MATERIALS PROVIDED below:

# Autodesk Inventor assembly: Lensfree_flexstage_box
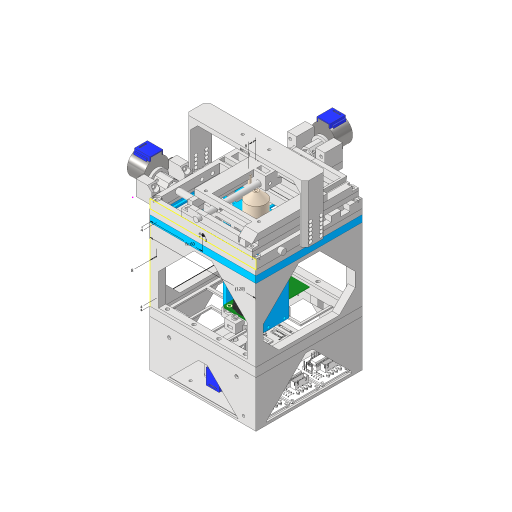
[picture p0: Inventor's stored thumbnail of the model, 512x512]
Saved by Autodesk Inventor 2023 (Build 270158000, 158)
## iProperties
Created: 2020-12-08
Part Number: Lensfree_flexstage_box
Document SubType Name: Assembly
Designer: CDT
Author: CDT
## Documents named in this file (22)
- C:\Users\CDT\OneDrive - University of Glasgow\CDT\Year 2\8. Smartphone conventional microscope\1. Models\41. Smartphone_inverted_small_v8\Lensfree_flexstage_box.iam
- C:\Users\CDT\OneDrive - University of Glasgow\CDT\Year 2\8. Smartphone conventional microscope\1. Models\41. Smartphone_inverted_small_v8\28BYJ-48 Stepper.ipt
- C:\Users\CDT\OneDrive - University of Glasgow\CDT\Year 2\8. Smartphone conventional microscope\1. Models\41. Smartphone_inverted_small_v8\Bottom_carriage.ipt
- C:\Users\CDT\OneDrive - University of Glasgow\CDT\Year 2\8. Smartphone conventional microscope\1. Models\41. Smartphone_inverted_small_v8\ULN2003 Stepper Driver.ipt
- C:\Users\CDT\OneDrive - University of Glasgow\CDT\Year 2\8. Smartphone conventional microscope\1. Models\41. Smartphone_inverted_small_v8\160mm_shunt_box.ipt
- C:\Users\CDT\OneDrive - University of Glasgow\CDT\Year 2\8. Smartphone conventional microscope\1. Models\41. Smartphone_inverted_small_v8\Raspberry Pi HQ Camera.ipt
- C:\Users\CDT\OneDrive - University of Glasgow\CDT\Year 2\8. Smartphone conventional microscope\1. Models\41. Smartphone_inverted_small_v8\AC127-075-A-Step.ipt
- C:\Users\CDT\OneDrive - University of Glasgow\CDT\Year 2\8. Smartphone conventional microscope\1. Models\41. Smartphone_inverted_small_v8\Flexible_tube_bolster_fixed_v3.ipt
- C:\Users\CDT\OneDrive - University of Glasgow\CDT\Year 2\8. Smartphone conventional microscope\1. Models\41. Smartphone_inverted_small_v8\Objective_placeholder_V2.ipt
- C:\Users\CDT\OneDrive - University of Glasgow\CDT\Year 2\8. Smartphone conventional microscope\1. Models\41. Smartphone_inverted_small_v8\slide_clips_4mm.ipt
- C:\Users\CDT\OneDrive - University of Glasgow\CDT\Year 2\8. Smartphone conventional microscope\1. Models\41. Smartphone_inverted_small_v8\Flexible_cam_holder_v7_HQ.ipt
- C:\Users\CDT\OneDrive - University of Glasgow\CDT\Year 2\8. Smartphone conventional microscope\1. Models\41. Smartphone_inverted_small_v8\RapberryPiZero.ipt
- C:\Users\CDT\OneDrive - University of Glasgow\CDT\Year 2\8. Smartphone conventional microscope\1. Models\41. Smartphone_inverted_small_v8\Tube_lens_holder.ipt
- C:\Users\CDT\OneDrive - University of Glasgow\CDT\Year 2\8. Smartphone conventional microscope\1. Models\41. Smartphone_inverted_small_v8\3mm_shaft_couple_sideclip_v4.ipt
- C:\Users\CDT\OneDrive - University of Glasgow\CDT\Year 2\8. Smartphone conventional microscope\1. Models\41. Smartphone_inverted_small_v8\6mm_shaft_couple_sideclip_v2.ipt
- C:\Users\CDT\OneDrive - University of Glasgow\CDT\Year 2\8. Smartphone conventional microscope\1. Models\41. Smartphone_inverted_small_v8\Rail_stage_x_m6_v2.ipt
- C:\Users\CDT\OneDrive - University of Glasgow\CDT\Year 2\8. Smartphone conventional microscope\1. Models\41. Smartphone_inverted_small_v8\Rail_carriage_v2.ipt
- C:\Users\CDT\OneDrive - University of Glasgow\CDT\Year 2\8. Smartphone conventional microscope\1. Models\41. Smartphone_inverted_small_v8\Rail_stage_y_v1.ipt
- C:\Users\CDT\OneDrive - University of Glasgow\CDT\Year 2\8. Smartphone conventional microscope\1. Models\41. Smartphone_inverted_small_v8\Led_frame_2_4mm.ipt
- C:\Users\CDT\OneDrive - University of Glasgow\CDT\Year 2\8. Smartphone conventional microscope\1. Models\41. Smartphone_inverted_small_v8\Rail_carriage_y_top_v2.ipt
- C:\Users\CDT\OneDrive - University of Glasgow\CDT\Year 2\8. Smartphone conventional microscope\1. Models\41. Smartphone_inverted_small_v8\Stage_shunt.ipt
- C:\Users\CDT\OneDrive - University of Glasgow\CDT\Year 2\6. LED Matrix lensfree\1. Models\45. Arducam_Lensfree_Fibrehead_V21\M6 Screw.ipt
## Components (27 placed, 21 different names)
1. 28BYJ-48 Stepper:7 — Mate:430, Mate:431, Mate:432, Mate:437
2. 28BYJ-48 Stepper:8 — Mate:427, Mate:428, Mate:429, Mate:436
3. Tube_lens_holder:1 — Mate:283, Mate:295, Mate:307
4. Objective_placeholder_V2:1 — Mate:238, Mate:287
5. Flexible_tube_bolster_fixed_v3:1 — Mate:238, Mate:239, Mate:283, Mate:287, Flush:92, Mate:288, Mate:295, Flush:127, Flush:128, Flush:129
6. Raspberry Pi HQ Camera:2 — Mate:420, Mate:421, Mate:422
7. AC127-075-A-Step:1 — Mate:239, Mate:307
8. 160mm_shunt_box:1 — Flush:92, Mate:288, Flush:127, Mate:423, Mate:424, Flush:130, Mate:426
9. 28BYJ-48 Stepper:9 — Mate:297, Mate:298, Mate:299, Mate:349, Mate:350, Mate:351, Mate:352
10. RapberryPiZero:1 — Mate:303, Mate:304, Mate:305
11. ULN2003 Stepper Driver:2 — Mate:61, Mate:62, Mate:63
12. ULN2003 Stepper Driver:3 — Mate:66, Mate:117
13. ULN2003 Stepper Driver:1 — Mate:58, Mate:72, Mate:73
14. M6 Screw:1 — Mate:439, Mate:440
15. M6 Screw:2 — Mate:441, Mate:442
16. 6mm_shaft_couple_sideclip_v2:2 — Mate:437, Mate:438, Mate:442
17. Stage_shunt:1 — Flush:128, Flush:129, Flush:130, Mate:425, Flush:131, Flush:132
18. Rail_carriage_y_top_v2:1 — Flush:124, Mate:419
19. Rail_carriage_v2:1 — Mate:412, Flush:118, Flush:120, Mate:414, Flush:121
20. Rail_stage_x_m6_v2:1 — Mate:412, Flush:118, Mate:425, Flush:131, Flush:132, Mate:427, Mate:428, Mate:429, Mate:433, Mate:434, Mate:435, Mate:440
21. Rail_stage_y_v1:1 — Flush:120, Mate:414, Flush:121, Flush:124, Mate:419, Mate:430, Mate:431, Mate:432, Mate:438, Mate:441
22. Led_frame_2_4mm:1 — Mate:433, Mate:434
23. 6mm_shaft_couple_sideclip_v2:1 — Mate:435, Mate:436, Mate:439
24. 3mm_shaft_couple_sideclip_v4:2 — Mate:349, Mate:350, Mate:352
25. Flexible_cam_holder_v7_HQ:2 — Flush:108, Flush:109, Mate:364, Mate:420, Mate:421, Mate:422, Mate:423, Mate:424, Mate:426
26. slide_clips_4mm:1
27. Bottom_carriage:1 — Mate:58, Mate:61, Mate:62, Mate:63, Mate:66, Mate:72, Mate:73, Mate:117, Mate:297, Mate:298, Mate:299, Mate:303, Mate:304, Mate:305, Mate:351, Flush:108, Flush:109, Mate:364
## Relationships (65: Mate 52, Flush 13)
- Mate:58 (1 mm): ULN2003 Stepper Driver:1 ↔ Bottom_carriage:1
- Mate:61: ULN2003 Stepper Driver:2 ↔ Bottom_carriage:1
- Mate:62: ULN2003 Stepper Driver:2 ↔ Bottom_carriage:1
- Mate:63: ULN2003 Stepper Driver:2 ↔ Bottom_carriage:1
- Mate:66: ULN2003 Stepper Driver:3 ↔ Bottom_carriage:1
- Mate:72: ULN2003 Stepper Driver:1 ↔ Bottom_carriage:1
- Mate:73: ULN2003 Stepper Driver:1 ↔ Bottom_carriage:1
- Mate:117: ULN2003 Stepper Driver:3 ↔ Bottom_carriage:1
- Mate:238: Objective_placeholder_V2:1 ↔ Flexible_tube_bolster_fixed_v3:1
- Mate:239: Flexible_tube_bolster_fixed_v3:1 ↔ AC127-075-A-Step:1
- Mate:283: Tube_lens_holder:1 ↔ Flexible_tube_bolster_fixed_v3:1
- Mate:287 (-2.25 mm): Objective_placeholder_V2:1 ↔ Flexible_tube_bolster_fixed_v3:1
- Flush:92: Flexible_tube_bolster_fixed_v3:1 ↔ 160mm_shunt_box:1
- Mate:288: Flexible_tube_bolster_fixed_v3:1 ↔ 160mm_shunt_box:1
- Mate:295: Tube_lens_holder:1 ↔ Flexible_tube_bolster_fixed_v3:1
- Mate:297: 28BYJ-48 Stepper:9 ↔ Bottom_carriage:1
- Mate:298: 28BYJ-48 Stepper:9 ↔ Bottom_carriage:1
- Mate:299: 28BYJ-48 Stepper:9 ↔ Bottom_carriage:1
- Mate:303: RapberryPiZero:1 ↔ Bottom_carriage:1
- Mate:304: RapberryPiZero:1 ↔ Bottom_carriage:1
- Mate:305: RapberryPiZero:1 ↔ Bottom_carriage:1
- Mate:307 (-135 mm): Tube_lens_holder:1 ↔ AC127-075-A-Step:1
- Mate:349: 28BYJ-48 Stepper:9 ↔ 3mm_shaft_couple_sideclip_v4:2
- Mate:350: 28BYJ-48 Stepper:9 ↔ 3mm_shaft_couple_sideclip_v4:2
- Mate:351: 28BYJ-48 Stepper:9 ↔ Bottom_carriage:1
- Mate:352: 28BYJ-48 Stepper:9 ↔ 3mm_shaft_couple_sideclip_v4:2
- Flush:108: Flexible_cam_holder_v7_HQ:2 ↔ Bottom_carriage:1
- Flush:109: Flexible_cam_holder_v7_HQ:2 ↔ Bottom_carriage:1
- Mate:364: Flexible_cam_holder_v7_HQ:2 ↔ Bottom_carriage:1
- Mate:412 (0.1 mm): Rail_carriage_v2:1 ↔ Rail_stage_x_m6_v2:1
- Flush:118: Rail_carriage_v2:1 ↔ Rail_stage_x_m6_v2:1
- Flush:120: Rail_carriage_v2:1 ↔ Rail_stage_y_v1:1
- Mate:414: Rail_carriage_v2:1 ↔ Rail_stage_y_v1:1
- Flush:121: Rail_carriage_v2:1 ↔ Rail_stage_y_v1:1
- Flush:124: Rail_carriage_y_top_v2:1 ↔ Rail_stage_y_v1:1
- Mate:419: Rail_carriage_y_top_v2:1 ↔ Rail_stage_y_v1:1
- Mate:420: Raspberry Pi HQ Camera:2 ↔ Flexible_cam_holder_v7_HQ:2
- Mate:421: Raspberry Pi HQ Camera:2 ↔ Flexible_cam_holder_v7_HQ:2
- Mate:422: Raspberry Pi HQ Camera:2 ↔ Flexible_cam_holder_v7_HQ:2
- Flush:127: Flexible_tube_bolster_fixed_v3:1 ↔ 160mm_shunt_box:1
- Flush:128: Flexible_tube_bolster_fixed_v3:1 ↔ Stage_shunt:1
- Mate:423: 160mm_shunt_box:1 ↔ Flexible_cam_holder_v7_HQ:2
- Mate:424: 160mm_shunt_box:1 ↔ Flexible_cam_holder_v7_HQ:2
- Flush:129: Flexible_tube_bolster_fixed_v3:1 ↔ Stage_shunt:1
- Flush:130: 160mm_shunt_box:1 ↔ Stage_shunt:1
- Mate:425: Stage_shunt:1 ↔ Rail_stage_x_m6_v2:1
- Flush:131: Stage_shunt:1 ↔ Rail_stage_x_m6_v2:1
- Mate:426: 160mm_shunt_box:1 ↔ Flexible_cam_holder_v7_HQ:2
- Flush:132: Stage_shunt:1 ↔ Rail_stage_x_m6_v2:1
- Mate:427: 28BYJ-48 Stepper:8 ↔ Rail_stage_x_m6_v2:1
- Mate:428: 28BYJ-48 Stepper:8 ↔ Rail_stage_x_m6_v2:1
- Mate:429: 28BYJ-48 Stepper:8 ↔ Rail_stage_x_m6_v2:1
- Mate:430: 28BYJ-48 Stepper:7 ↔ Rail_stage_y_v1:1
- Mate:431: 28BYJ-48 Stepper:7 ↔ Rail_stage_y_v1:1
- Mate:432: 28BYJ-48 Stepper:7 ↔ Rail_stage_y_v1:1
- Mate:433: Rail_stage_x_m6_v2:1 ↔ Led_frame_2_4mm:1
- Mate:434: Rail_stage_x_m6_v2:1 ↔ Led_frame_2_4mm:1
- Mate:435: Rail_stage_x_m6_v2:1 ↔ 6mm_shaft_couple_sideclip_v2:1
- Mate:436: 28BYJ-48 Stepper:8 ↔ 6mm_shaft_couple_sideclip_v2:1
- Mate:437: 28BYJ-48 Stepper:7 ↔ 6mm_shaft_couple_sideclip_v2:2
- Mate:438: 6mm_shaft_couple_sideclip_v2:2 ↔ Rail_stage_y_v1:1
- Mate:439: M6 Screw:1 ↔ 6mm_shaft_couple_sideclip_v2:1
- Mate:440: M6 Screw:1 ↔ Rail_stage_x_m6_v2:1
- Mate:441: M6 Screw:2 ↔ Rail_stage_y_v1:1
- Mate:442: M6 Screw:2 ↔ 6mm_shaft_couple_sideclip_v2:2

End of MATERIALS PROVIDED.

### PROMPT
From the records above, retype only the lines starting at the line that contains "8. 160mm_shunt_box:1 —" and ending at the line that contains "20. Rail_stage_x_m6_v2:1 —", both included.

### RESULT
8. 160mm_shunt_box:1 — Flush:92, Mate:288, Flush:127, Mate:423, Mate:424, Flush:130, Mate:426
9. 28BYJ-48 Stepper:9 — Mate:297, Mate:298, Mate:299, Mate:349, Mate:350, Mate:351, Mate:352
10. RapberryPiZero:1 — Mate:303, Mate:304, Mate:305
11. ULN2003 Stepper Driver:2 — Mate:61, Mate:62, Mate:63
12. ULN2003 Stepper Driver:3 — Mate:66, Mate:117
13. ULN2003 Stepper Driver:1 — Mate:58, Mate:72, Mate:73
14. M6 Screw:1 — Mate:439, Mate:440
15. M6 Screw:2 — Mate:441, Mate:442
16. 6mm_shaft_couple_sideclip_v2:2 — Mate:437, Mate:438, Mate:442
17. Stage_shunt:1 — Flush:128, Flush:129, Flush:130, Mate:425, Flush:131, Flush:132
18. Rail_carriage_y_top_v2:1 — Flush:124, Mate:419
19. Rail_carriage_v2:1 — Mate:412, Flush:118, Flush:120, Mate:414, Flush:121
20. Rail_stage_x_m6_v2:1 — Mate:412, Flush:118, Mate:425, Flush:131, Flush:132, Mate:427, Mate:428, Mate:429, Mate:433, Mate:434, Mate:435, Mate:440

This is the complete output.